How to complete this task
Among the entries below, find the lines holding "Fein" and copy them.

[Entries shown — start]

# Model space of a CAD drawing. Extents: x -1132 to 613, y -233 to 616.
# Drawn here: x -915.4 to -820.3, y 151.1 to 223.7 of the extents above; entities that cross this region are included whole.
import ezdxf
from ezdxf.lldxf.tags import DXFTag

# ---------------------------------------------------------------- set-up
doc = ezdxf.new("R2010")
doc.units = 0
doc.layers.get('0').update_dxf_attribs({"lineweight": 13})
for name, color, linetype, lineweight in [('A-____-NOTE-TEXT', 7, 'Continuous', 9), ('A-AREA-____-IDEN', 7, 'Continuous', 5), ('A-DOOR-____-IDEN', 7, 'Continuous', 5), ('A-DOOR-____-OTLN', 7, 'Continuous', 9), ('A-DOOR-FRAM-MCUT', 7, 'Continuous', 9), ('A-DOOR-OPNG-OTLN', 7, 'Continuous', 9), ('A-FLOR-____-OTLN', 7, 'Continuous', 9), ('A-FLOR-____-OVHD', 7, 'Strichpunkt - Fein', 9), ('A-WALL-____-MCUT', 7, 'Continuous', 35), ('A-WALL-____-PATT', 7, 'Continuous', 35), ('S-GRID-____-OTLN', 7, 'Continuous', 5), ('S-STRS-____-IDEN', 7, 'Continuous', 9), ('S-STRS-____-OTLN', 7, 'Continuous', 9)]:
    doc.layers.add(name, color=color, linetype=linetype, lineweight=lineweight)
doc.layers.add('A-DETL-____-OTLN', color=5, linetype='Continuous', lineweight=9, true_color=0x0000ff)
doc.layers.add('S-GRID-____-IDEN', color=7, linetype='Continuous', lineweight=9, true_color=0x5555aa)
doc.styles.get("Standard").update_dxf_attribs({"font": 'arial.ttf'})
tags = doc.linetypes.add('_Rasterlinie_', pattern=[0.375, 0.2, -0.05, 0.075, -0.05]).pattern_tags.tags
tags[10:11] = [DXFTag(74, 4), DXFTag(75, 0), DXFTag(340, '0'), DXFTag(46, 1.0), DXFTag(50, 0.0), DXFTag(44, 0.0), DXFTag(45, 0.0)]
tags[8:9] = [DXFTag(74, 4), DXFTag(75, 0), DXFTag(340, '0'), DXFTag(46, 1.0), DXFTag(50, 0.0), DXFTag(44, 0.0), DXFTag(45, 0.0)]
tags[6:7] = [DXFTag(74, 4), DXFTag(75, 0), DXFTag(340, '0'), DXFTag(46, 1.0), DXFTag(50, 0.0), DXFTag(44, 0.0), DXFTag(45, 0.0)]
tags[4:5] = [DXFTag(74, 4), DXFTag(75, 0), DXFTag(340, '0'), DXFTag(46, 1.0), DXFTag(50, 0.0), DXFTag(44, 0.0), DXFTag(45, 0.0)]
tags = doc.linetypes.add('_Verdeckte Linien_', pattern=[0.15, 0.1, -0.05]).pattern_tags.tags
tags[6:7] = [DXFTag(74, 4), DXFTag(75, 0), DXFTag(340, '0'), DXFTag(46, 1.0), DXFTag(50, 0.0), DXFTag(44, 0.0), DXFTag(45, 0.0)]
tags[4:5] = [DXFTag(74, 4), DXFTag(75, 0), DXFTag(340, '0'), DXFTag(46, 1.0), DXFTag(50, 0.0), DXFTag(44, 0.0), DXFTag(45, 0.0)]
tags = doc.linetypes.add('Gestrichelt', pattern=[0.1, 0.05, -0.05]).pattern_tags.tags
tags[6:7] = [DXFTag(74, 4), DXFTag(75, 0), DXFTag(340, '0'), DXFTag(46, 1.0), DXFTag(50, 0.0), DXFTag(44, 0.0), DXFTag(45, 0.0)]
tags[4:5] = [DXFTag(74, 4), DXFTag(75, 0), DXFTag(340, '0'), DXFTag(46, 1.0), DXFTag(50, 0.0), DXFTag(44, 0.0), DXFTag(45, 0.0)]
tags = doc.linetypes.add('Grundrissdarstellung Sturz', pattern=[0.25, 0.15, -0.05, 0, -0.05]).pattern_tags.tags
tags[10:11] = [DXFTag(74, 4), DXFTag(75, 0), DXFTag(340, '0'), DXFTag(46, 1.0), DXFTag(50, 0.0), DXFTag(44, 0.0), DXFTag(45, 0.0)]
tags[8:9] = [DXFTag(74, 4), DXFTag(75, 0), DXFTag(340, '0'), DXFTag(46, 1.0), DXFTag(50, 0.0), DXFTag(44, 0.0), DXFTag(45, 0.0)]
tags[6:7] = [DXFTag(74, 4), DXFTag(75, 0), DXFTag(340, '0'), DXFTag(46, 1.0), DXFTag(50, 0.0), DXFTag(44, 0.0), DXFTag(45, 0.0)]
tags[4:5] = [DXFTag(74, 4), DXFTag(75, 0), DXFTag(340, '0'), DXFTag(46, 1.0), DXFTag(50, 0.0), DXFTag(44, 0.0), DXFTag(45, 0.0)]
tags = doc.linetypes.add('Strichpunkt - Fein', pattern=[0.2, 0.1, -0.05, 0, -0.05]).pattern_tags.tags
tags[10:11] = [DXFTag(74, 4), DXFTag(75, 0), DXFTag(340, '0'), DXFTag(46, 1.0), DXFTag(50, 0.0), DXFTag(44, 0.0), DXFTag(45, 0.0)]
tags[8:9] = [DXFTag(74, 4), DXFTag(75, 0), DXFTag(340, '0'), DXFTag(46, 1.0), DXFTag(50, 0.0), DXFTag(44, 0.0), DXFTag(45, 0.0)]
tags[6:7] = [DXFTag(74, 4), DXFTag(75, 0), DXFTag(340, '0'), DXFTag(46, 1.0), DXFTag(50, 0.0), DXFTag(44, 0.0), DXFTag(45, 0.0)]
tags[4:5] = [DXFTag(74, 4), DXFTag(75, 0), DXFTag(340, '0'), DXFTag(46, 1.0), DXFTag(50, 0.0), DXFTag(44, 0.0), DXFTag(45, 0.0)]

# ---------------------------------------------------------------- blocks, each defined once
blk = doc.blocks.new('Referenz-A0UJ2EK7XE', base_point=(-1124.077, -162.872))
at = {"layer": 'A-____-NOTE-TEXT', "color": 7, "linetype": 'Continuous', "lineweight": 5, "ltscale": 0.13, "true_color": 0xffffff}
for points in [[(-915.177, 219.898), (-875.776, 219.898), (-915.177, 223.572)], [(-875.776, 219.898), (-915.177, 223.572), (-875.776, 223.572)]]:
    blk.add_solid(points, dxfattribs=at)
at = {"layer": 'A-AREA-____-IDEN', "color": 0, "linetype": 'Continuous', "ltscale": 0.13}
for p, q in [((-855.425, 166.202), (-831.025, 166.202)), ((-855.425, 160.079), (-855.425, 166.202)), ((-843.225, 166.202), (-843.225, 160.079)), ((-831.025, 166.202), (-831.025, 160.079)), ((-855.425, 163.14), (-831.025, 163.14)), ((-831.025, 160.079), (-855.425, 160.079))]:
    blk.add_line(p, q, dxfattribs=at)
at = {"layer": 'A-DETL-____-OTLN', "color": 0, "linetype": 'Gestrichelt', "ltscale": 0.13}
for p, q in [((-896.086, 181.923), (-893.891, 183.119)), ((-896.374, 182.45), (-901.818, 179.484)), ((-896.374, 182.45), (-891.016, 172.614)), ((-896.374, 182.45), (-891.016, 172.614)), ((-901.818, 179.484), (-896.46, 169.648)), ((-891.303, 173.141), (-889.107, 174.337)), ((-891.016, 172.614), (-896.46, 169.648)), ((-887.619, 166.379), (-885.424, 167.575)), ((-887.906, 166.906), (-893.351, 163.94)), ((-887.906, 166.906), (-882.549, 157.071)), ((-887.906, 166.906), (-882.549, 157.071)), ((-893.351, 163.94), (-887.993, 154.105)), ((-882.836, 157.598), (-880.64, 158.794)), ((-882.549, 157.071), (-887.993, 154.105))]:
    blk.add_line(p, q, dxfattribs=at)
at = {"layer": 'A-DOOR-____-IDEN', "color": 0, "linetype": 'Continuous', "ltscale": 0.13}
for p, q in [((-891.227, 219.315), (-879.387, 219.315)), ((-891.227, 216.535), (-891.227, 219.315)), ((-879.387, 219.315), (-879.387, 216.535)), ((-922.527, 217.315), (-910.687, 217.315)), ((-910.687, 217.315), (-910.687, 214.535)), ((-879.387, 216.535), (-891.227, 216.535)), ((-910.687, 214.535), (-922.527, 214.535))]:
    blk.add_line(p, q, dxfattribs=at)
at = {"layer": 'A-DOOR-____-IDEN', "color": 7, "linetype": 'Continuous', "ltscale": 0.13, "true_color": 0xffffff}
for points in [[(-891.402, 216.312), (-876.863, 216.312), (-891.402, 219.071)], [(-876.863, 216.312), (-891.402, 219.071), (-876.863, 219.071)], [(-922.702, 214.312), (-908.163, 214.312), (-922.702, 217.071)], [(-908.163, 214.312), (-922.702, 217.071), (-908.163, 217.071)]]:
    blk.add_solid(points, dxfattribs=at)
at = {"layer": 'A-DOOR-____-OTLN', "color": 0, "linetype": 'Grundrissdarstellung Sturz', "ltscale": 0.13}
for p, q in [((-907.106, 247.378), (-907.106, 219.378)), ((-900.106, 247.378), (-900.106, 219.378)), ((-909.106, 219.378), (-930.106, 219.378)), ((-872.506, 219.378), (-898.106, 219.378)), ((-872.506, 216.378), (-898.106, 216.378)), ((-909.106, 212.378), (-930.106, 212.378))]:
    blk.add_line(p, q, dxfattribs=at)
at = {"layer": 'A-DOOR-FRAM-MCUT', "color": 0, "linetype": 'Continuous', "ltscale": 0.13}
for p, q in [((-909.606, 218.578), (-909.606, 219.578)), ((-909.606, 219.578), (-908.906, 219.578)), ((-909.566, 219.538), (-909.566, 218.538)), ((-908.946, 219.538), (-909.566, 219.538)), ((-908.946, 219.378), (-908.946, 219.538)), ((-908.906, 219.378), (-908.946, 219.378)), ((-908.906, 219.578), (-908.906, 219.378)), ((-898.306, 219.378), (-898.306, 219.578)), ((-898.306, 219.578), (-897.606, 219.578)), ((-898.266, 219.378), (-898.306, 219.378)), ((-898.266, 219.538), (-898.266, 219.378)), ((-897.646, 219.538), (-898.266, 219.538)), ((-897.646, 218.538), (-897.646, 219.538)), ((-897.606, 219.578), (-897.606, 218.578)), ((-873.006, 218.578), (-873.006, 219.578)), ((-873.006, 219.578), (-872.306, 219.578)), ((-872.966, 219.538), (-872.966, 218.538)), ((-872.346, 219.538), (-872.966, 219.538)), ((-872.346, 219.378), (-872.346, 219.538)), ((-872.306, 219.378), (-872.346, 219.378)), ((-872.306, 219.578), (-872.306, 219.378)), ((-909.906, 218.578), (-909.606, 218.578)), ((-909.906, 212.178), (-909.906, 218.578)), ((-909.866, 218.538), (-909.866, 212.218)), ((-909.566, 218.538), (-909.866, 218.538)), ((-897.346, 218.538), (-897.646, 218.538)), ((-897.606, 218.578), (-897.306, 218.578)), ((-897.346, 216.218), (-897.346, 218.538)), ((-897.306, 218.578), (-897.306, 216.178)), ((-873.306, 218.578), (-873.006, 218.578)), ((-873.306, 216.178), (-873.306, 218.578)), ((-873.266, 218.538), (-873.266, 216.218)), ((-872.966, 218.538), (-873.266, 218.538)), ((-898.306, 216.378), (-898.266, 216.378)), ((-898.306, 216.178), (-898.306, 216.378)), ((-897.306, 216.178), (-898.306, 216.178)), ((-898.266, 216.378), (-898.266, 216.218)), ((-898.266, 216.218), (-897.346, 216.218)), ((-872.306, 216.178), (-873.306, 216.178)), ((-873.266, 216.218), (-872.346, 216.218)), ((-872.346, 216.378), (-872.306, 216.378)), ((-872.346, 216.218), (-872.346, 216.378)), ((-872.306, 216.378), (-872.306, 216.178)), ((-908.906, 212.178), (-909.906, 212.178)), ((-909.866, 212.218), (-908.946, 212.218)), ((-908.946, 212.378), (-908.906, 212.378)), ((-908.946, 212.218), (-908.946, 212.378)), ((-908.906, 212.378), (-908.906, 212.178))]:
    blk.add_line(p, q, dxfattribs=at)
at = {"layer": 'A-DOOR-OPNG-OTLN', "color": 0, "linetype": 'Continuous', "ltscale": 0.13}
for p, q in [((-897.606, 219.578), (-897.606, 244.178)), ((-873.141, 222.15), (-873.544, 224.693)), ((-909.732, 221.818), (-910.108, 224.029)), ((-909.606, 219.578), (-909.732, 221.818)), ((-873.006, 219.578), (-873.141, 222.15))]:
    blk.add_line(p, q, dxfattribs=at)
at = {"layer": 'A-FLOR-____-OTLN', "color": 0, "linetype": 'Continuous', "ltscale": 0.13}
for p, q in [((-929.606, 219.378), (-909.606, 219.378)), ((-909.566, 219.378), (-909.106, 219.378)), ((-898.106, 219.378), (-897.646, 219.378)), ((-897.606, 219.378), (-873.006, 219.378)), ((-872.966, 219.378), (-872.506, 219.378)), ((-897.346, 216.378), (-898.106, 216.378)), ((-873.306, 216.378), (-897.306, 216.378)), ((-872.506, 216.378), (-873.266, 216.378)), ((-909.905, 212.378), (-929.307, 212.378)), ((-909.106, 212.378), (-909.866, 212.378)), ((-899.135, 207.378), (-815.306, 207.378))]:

[Entries shown — finish]

Reply to the task
for name, color, linetype, lineweight in [('A-____-NOTE-TEXT', 7, 'Continuous', 9), ('A-AREA-____-IDEN', 7, 'Continuous', 5), ('A-DOOR-____-IDEN', 7, 'Continuous', 5), ('A-DOOR-____-OTLN', 7, 'Continuous', 9), ('A-DOOR-FRAM-MCUT', 7, 'Continuous', 9), ('A-DOOR-OPNG-OTLN', 7, 'Continuous', 9), ('A-FLOR-____-OTLN', 7, 'Continuous', 9), ('A-FLOR-____-OVHD', 7, 'Strichpunkt - Fein', 9), ('A-WALL-____-MCUT', 7, 'Continuous', 35), ('A-WALL-____-PATT', 7, 'Continuous', 35), ('S-GRID-____-OTLN', 7, 'Continuous', 5), ('S-STRS-____-IDEN', 7, 'Continuous', 9), ('S-STRS-____-OTLN', 7, 'Continuous', 9)]:
tags = doc.linetypes.add('Strichpunkt - Fein', pattern=[0.2, 0.1, -0.05, 0, -0.05]).pattern_tags.tags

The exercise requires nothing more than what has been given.